Goal of the exercise →
Only the lines below starting at the one that contains "If Action Subsystem/1(Out1) -> Merge/1" and ending at the one that contains "90 & u1 >= 80)" are to be reproduced, exactly and with both ends kept.

┌─ Extracted records

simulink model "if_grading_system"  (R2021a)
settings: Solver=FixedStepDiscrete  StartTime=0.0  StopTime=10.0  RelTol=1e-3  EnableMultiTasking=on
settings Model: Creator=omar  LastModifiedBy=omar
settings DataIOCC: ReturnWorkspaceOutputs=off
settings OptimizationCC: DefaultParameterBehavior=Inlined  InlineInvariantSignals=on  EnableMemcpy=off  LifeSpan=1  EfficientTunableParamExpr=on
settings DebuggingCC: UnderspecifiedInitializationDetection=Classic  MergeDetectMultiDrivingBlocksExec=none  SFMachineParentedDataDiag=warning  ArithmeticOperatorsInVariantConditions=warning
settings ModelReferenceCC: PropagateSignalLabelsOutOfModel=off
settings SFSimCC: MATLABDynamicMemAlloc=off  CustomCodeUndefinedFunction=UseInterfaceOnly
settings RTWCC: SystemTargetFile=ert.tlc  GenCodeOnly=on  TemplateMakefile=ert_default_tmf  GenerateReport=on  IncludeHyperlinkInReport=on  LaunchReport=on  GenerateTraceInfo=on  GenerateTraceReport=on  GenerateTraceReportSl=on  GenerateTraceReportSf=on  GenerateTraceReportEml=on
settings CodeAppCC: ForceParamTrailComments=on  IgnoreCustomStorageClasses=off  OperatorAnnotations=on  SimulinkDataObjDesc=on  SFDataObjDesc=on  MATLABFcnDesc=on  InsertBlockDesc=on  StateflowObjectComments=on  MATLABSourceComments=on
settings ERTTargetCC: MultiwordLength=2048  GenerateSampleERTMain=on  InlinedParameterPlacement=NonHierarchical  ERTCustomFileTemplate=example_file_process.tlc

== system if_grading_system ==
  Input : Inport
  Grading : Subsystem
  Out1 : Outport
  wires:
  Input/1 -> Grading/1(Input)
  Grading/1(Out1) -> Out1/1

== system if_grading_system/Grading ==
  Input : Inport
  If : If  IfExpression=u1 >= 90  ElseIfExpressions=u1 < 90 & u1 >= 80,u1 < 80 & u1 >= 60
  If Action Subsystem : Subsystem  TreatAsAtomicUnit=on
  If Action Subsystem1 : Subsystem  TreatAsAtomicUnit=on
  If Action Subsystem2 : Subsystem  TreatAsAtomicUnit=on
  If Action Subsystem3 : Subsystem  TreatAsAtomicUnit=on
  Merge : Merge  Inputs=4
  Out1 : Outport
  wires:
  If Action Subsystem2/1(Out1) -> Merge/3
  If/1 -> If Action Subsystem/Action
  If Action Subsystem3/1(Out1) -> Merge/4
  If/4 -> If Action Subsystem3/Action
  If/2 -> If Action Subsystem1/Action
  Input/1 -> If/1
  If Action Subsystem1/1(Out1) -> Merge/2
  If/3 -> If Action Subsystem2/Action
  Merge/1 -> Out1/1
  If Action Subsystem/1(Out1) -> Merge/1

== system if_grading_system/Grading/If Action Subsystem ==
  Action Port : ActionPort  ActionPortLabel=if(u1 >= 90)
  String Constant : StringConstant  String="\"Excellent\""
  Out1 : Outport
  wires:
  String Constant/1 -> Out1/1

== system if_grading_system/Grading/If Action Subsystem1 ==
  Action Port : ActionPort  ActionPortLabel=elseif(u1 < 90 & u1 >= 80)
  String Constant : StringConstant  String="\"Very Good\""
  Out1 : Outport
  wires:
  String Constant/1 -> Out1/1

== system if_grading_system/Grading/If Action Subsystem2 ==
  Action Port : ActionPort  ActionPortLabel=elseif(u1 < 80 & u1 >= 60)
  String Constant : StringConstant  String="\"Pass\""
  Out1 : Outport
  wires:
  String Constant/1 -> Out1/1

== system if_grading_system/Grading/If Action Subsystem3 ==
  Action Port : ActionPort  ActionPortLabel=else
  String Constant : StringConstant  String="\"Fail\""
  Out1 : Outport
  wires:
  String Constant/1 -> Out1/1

└─

Result of the exercise →
  If Action Subsystem/1(Out1) -> Merge/1

== system if_grading_system/Grading/If Action Subsystem ==
  Action Port : ActionPort  ActionPortLabel=if(u1 >= 90)
  String Constant : StringConstant  String="\"Excellent\""
  Out1 : Outport
  wires:
  String Constant/1 -> Out1/1

== system if_grading_system/Grading/If Action Subsystem1 ==
  Action Port : ActionPort  ActionPortLabel=elseif(u1 < 90 & u1 >= 80)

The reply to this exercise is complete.